# Information given
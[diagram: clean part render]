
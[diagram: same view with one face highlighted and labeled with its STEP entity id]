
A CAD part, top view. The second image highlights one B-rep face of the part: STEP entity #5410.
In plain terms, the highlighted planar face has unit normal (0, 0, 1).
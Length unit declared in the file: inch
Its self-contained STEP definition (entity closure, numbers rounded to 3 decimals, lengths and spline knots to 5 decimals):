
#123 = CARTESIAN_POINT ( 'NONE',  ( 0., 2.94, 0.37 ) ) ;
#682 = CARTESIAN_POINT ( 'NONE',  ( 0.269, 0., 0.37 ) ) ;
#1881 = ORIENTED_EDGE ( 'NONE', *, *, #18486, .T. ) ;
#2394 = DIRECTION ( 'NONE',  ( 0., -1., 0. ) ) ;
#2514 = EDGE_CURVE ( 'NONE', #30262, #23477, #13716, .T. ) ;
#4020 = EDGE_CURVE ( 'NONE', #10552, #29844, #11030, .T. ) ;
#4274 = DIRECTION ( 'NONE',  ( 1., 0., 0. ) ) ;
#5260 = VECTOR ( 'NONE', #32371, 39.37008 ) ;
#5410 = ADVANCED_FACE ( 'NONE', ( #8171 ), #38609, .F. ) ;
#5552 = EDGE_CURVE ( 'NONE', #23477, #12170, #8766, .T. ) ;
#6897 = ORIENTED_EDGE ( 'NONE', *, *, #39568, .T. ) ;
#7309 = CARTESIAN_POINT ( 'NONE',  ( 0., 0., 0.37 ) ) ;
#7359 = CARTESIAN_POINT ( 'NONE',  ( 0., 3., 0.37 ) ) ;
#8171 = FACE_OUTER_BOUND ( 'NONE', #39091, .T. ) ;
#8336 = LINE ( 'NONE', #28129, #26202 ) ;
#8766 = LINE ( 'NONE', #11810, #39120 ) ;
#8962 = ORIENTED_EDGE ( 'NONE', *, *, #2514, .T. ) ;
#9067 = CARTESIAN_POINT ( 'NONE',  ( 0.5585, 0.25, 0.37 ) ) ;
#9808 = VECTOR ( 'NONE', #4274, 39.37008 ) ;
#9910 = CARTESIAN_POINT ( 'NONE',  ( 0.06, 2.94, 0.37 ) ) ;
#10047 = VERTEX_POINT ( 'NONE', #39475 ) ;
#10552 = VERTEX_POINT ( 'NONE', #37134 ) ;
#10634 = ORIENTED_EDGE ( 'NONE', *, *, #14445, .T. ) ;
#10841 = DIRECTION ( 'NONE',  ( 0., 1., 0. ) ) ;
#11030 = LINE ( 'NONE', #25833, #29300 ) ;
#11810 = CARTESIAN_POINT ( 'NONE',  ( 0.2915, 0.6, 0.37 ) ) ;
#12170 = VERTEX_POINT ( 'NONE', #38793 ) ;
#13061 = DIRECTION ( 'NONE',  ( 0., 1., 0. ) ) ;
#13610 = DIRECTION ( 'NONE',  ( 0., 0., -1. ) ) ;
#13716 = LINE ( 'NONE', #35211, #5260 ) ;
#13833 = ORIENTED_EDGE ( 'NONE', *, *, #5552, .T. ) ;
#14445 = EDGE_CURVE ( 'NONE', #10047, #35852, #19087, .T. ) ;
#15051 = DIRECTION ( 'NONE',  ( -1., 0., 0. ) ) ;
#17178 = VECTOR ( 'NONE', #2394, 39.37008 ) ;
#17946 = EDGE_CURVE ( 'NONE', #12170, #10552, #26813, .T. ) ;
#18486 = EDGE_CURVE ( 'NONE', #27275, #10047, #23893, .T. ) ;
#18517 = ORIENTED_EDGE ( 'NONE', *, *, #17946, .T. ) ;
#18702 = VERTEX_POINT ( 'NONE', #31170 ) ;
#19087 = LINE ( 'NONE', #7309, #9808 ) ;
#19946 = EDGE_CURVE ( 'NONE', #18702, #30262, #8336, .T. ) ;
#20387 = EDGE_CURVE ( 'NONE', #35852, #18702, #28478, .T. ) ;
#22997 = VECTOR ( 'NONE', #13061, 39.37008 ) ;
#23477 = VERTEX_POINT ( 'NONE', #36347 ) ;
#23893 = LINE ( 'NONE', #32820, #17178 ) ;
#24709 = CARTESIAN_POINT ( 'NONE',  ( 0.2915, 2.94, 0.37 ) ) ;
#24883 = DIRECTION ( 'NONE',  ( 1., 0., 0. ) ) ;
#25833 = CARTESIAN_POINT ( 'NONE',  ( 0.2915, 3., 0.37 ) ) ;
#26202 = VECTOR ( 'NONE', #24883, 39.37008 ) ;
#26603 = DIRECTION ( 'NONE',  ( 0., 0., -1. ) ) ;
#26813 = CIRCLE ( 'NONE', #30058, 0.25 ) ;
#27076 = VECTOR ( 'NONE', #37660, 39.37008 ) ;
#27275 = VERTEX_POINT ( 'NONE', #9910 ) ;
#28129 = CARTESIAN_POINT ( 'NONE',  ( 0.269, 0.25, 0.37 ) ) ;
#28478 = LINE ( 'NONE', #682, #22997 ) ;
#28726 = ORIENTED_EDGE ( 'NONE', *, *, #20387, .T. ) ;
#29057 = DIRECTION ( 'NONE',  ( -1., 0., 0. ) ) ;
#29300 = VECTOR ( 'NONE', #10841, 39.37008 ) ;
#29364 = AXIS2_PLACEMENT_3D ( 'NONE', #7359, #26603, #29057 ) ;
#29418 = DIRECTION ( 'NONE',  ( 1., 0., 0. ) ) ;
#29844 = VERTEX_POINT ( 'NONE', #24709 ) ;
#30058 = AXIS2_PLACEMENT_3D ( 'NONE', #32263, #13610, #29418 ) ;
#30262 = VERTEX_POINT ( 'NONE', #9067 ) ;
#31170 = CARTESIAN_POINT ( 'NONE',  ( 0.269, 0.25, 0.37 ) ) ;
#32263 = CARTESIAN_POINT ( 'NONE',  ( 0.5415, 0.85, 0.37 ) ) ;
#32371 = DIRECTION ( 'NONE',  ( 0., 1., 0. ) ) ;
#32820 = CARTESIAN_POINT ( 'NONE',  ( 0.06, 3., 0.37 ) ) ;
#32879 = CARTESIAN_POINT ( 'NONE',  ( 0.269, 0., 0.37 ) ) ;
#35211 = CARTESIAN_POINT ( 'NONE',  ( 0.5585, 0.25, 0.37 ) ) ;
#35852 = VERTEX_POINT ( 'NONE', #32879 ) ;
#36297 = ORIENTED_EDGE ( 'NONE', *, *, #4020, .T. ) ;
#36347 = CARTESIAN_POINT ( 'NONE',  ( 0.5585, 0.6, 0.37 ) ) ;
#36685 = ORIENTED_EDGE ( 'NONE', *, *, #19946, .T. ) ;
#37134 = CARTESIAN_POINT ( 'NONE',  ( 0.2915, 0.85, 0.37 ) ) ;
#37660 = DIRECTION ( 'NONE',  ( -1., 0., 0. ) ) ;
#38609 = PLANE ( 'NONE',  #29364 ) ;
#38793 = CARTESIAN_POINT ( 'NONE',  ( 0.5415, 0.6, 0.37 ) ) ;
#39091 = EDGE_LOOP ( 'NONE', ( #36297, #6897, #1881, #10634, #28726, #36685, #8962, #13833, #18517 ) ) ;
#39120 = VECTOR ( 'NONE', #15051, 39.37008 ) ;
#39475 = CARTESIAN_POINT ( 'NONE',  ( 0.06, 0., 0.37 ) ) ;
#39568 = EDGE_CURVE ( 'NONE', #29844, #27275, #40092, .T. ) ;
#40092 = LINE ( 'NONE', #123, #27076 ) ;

# Aim of the exercise
How many lines of the material above hold the string "VECTOR"? Reply with the number and nothing else.

# Solution
8